What the exercise asks
Find how many lines in the data below include the word "before", then write only that number.

----------

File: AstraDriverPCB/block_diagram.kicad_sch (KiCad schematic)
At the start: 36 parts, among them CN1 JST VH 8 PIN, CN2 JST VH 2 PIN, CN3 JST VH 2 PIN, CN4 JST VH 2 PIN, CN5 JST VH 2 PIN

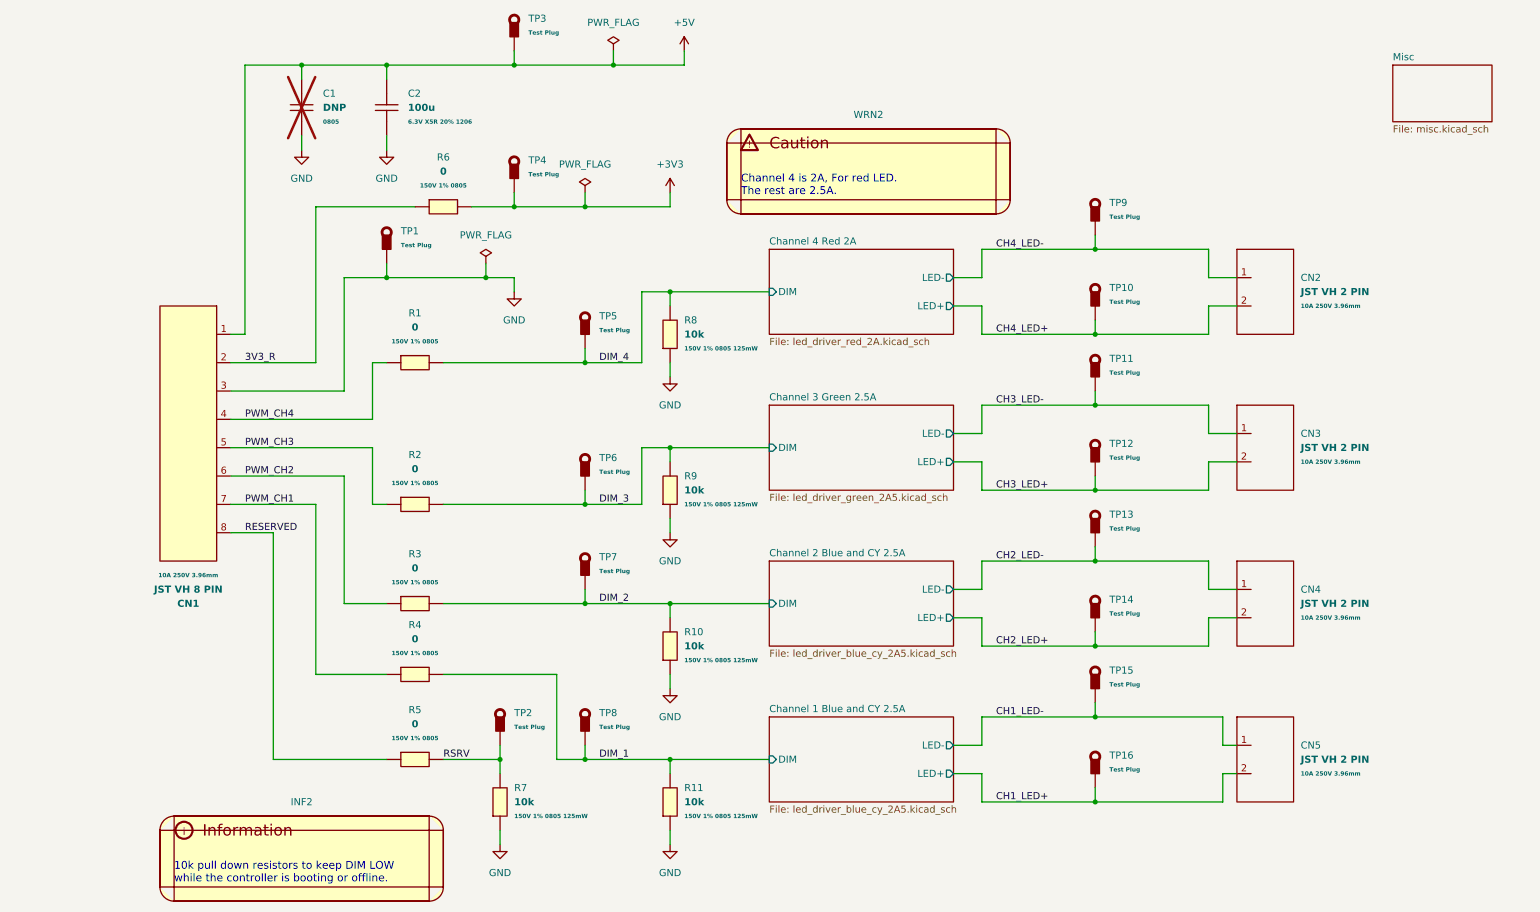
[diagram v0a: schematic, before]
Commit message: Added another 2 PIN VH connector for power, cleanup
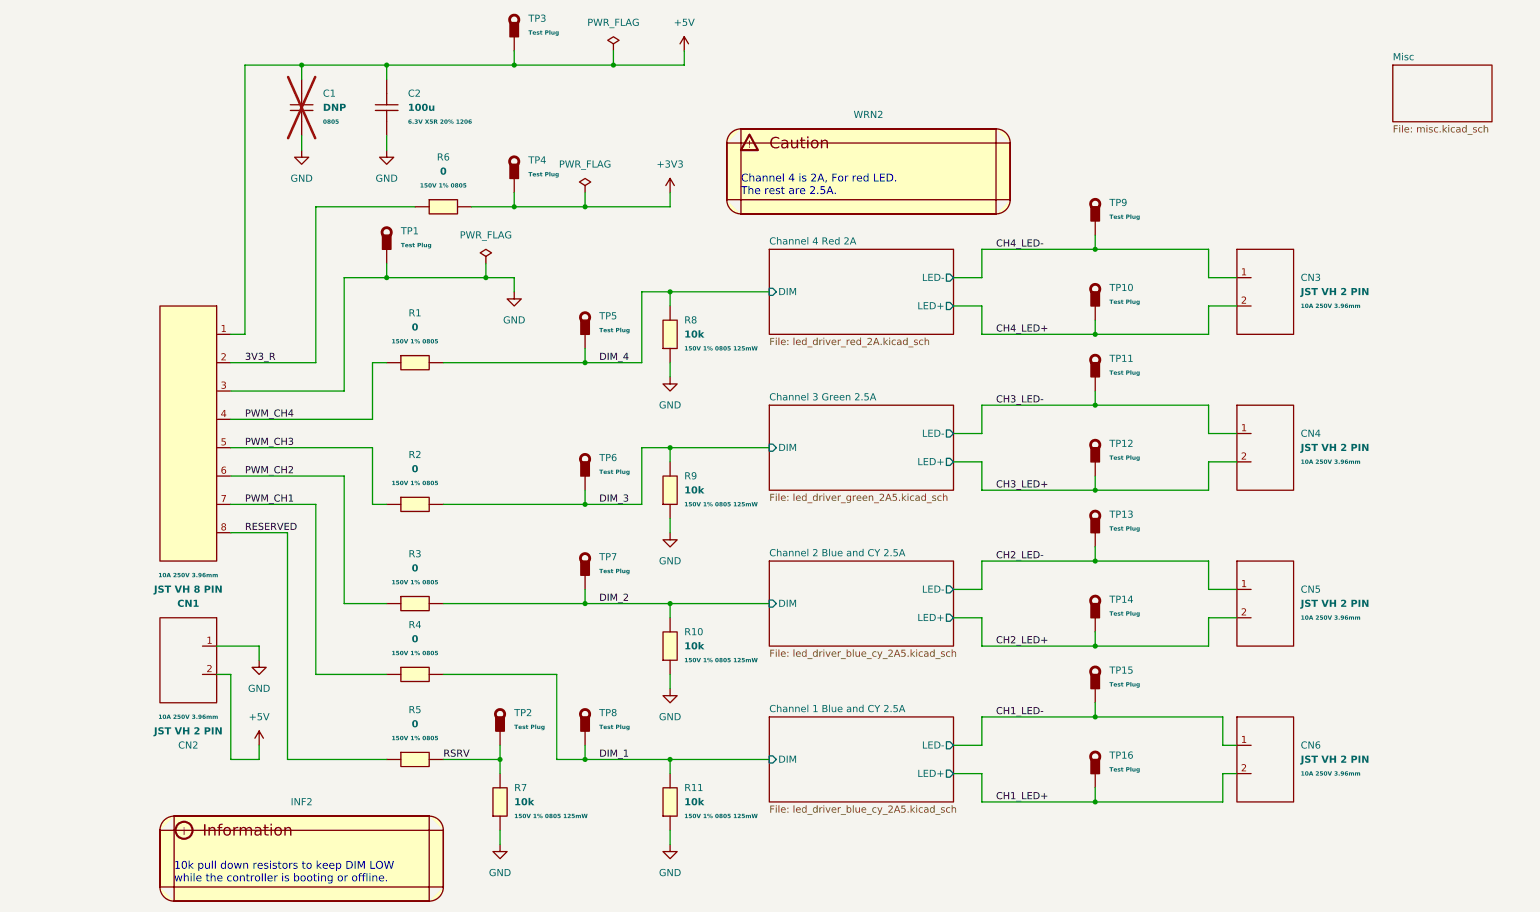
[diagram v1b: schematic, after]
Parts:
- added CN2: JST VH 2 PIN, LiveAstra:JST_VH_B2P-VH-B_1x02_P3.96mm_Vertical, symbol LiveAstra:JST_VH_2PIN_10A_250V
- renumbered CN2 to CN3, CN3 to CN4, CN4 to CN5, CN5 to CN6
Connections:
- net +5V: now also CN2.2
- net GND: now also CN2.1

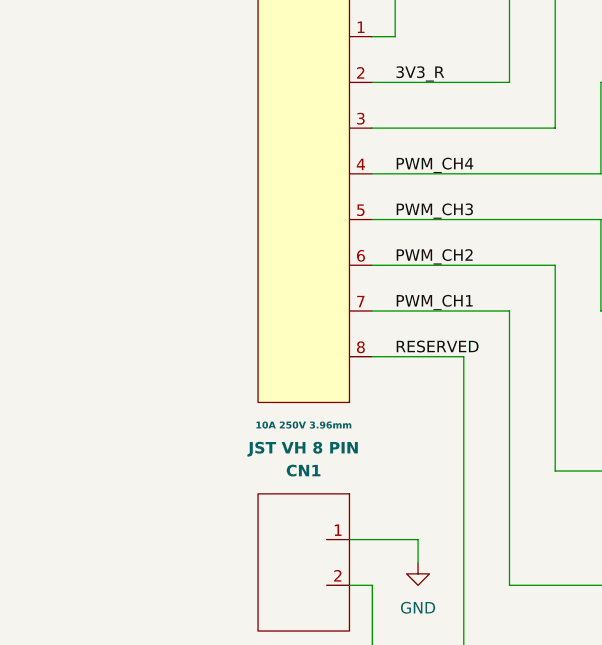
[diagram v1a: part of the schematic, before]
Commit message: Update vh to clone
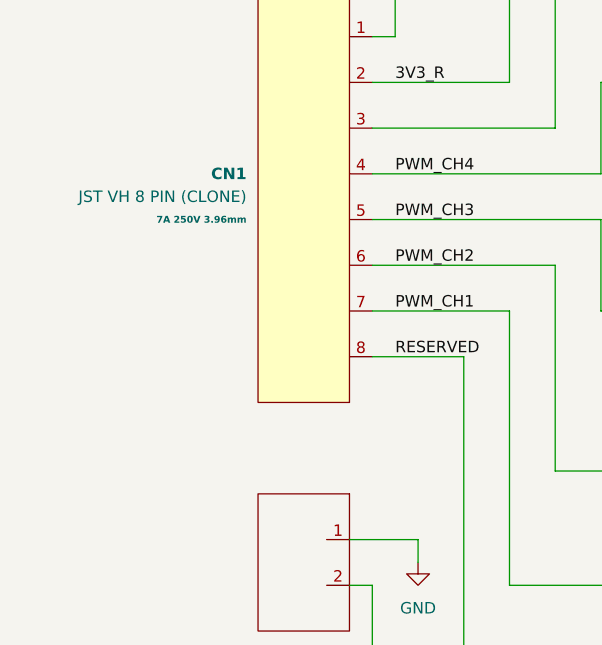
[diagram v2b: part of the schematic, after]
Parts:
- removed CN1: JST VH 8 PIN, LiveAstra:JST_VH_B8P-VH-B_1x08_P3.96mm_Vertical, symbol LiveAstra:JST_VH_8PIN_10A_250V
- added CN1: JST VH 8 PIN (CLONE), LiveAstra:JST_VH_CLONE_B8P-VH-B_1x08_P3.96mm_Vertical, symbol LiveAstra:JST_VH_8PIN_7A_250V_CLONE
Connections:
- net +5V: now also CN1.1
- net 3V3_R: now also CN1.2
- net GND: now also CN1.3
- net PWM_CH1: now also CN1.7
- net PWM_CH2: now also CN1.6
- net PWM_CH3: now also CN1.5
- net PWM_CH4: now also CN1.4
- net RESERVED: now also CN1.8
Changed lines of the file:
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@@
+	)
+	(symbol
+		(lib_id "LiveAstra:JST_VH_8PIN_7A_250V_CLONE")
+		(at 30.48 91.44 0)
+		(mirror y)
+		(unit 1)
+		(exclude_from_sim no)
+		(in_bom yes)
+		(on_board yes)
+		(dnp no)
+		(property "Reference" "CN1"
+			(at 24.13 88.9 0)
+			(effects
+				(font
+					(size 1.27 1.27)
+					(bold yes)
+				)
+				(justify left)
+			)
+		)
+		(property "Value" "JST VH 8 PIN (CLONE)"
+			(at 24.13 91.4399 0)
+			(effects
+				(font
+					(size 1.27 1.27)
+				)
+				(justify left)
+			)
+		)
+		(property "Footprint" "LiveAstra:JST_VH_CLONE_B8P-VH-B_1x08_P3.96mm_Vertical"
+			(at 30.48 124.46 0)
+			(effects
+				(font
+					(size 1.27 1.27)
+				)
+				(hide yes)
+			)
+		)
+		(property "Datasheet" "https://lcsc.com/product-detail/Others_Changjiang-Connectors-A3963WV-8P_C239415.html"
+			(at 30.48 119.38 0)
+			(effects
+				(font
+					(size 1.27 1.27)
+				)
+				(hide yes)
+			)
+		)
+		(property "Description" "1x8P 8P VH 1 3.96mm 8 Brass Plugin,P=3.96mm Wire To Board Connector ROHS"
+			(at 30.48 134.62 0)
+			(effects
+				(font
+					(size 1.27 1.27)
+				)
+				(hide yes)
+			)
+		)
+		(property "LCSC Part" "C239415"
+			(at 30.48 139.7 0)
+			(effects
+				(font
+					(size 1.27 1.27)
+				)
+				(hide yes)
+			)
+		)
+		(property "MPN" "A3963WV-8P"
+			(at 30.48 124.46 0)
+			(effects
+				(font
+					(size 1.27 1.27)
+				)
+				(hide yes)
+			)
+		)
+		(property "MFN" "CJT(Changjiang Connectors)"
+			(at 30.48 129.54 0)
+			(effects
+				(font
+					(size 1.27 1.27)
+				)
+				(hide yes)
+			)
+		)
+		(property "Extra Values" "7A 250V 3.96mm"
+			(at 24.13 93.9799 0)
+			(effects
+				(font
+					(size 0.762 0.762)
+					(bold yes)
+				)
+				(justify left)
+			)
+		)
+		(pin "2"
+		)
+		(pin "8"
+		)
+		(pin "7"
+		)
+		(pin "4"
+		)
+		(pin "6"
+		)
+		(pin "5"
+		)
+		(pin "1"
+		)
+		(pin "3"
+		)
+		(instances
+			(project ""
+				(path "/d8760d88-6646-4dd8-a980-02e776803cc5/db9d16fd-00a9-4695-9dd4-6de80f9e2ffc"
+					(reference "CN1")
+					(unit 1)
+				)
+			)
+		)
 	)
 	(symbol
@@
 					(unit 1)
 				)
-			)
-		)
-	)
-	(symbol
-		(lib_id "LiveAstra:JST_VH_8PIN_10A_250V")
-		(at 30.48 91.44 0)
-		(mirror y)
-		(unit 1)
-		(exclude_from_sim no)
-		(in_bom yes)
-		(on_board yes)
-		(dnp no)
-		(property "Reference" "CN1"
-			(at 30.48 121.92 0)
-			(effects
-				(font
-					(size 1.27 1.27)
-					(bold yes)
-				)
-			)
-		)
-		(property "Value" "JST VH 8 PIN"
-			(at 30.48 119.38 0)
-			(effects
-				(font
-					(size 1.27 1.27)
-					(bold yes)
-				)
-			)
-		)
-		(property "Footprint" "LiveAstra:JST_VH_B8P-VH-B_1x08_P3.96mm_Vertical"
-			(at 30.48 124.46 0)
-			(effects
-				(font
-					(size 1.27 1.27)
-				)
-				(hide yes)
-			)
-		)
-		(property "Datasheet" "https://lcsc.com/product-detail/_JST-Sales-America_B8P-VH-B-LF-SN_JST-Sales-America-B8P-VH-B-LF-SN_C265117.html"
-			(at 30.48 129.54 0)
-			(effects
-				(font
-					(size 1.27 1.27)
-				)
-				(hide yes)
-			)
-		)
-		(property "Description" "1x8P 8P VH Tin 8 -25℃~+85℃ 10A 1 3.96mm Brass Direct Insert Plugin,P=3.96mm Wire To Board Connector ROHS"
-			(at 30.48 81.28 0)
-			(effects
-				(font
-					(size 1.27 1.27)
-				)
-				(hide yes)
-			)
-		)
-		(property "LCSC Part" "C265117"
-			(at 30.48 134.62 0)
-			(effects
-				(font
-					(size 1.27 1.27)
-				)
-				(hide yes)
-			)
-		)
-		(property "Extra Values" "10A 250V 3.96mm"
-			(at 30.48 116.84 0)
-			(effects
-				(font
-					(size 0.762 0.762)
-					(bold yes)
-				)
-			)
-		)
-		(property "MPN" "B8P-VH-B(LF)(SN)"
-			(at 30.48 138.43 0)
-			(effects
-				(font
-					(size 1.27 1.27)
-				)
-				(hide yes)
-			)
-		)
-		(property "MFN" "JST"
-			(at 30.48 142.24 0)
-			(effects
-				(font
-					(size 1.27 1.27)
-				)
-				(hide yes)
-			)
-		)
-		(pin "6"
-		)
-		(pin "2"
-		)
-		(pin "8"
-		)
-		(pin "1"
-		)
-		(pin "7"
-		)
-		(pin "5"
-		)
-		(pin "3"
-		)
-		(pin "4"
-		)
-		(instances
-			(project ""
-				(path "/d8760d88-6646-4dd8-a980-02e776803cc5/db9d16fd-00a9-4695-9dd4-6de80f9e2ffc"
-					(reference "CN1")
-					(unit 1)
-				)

----------

Task solution
2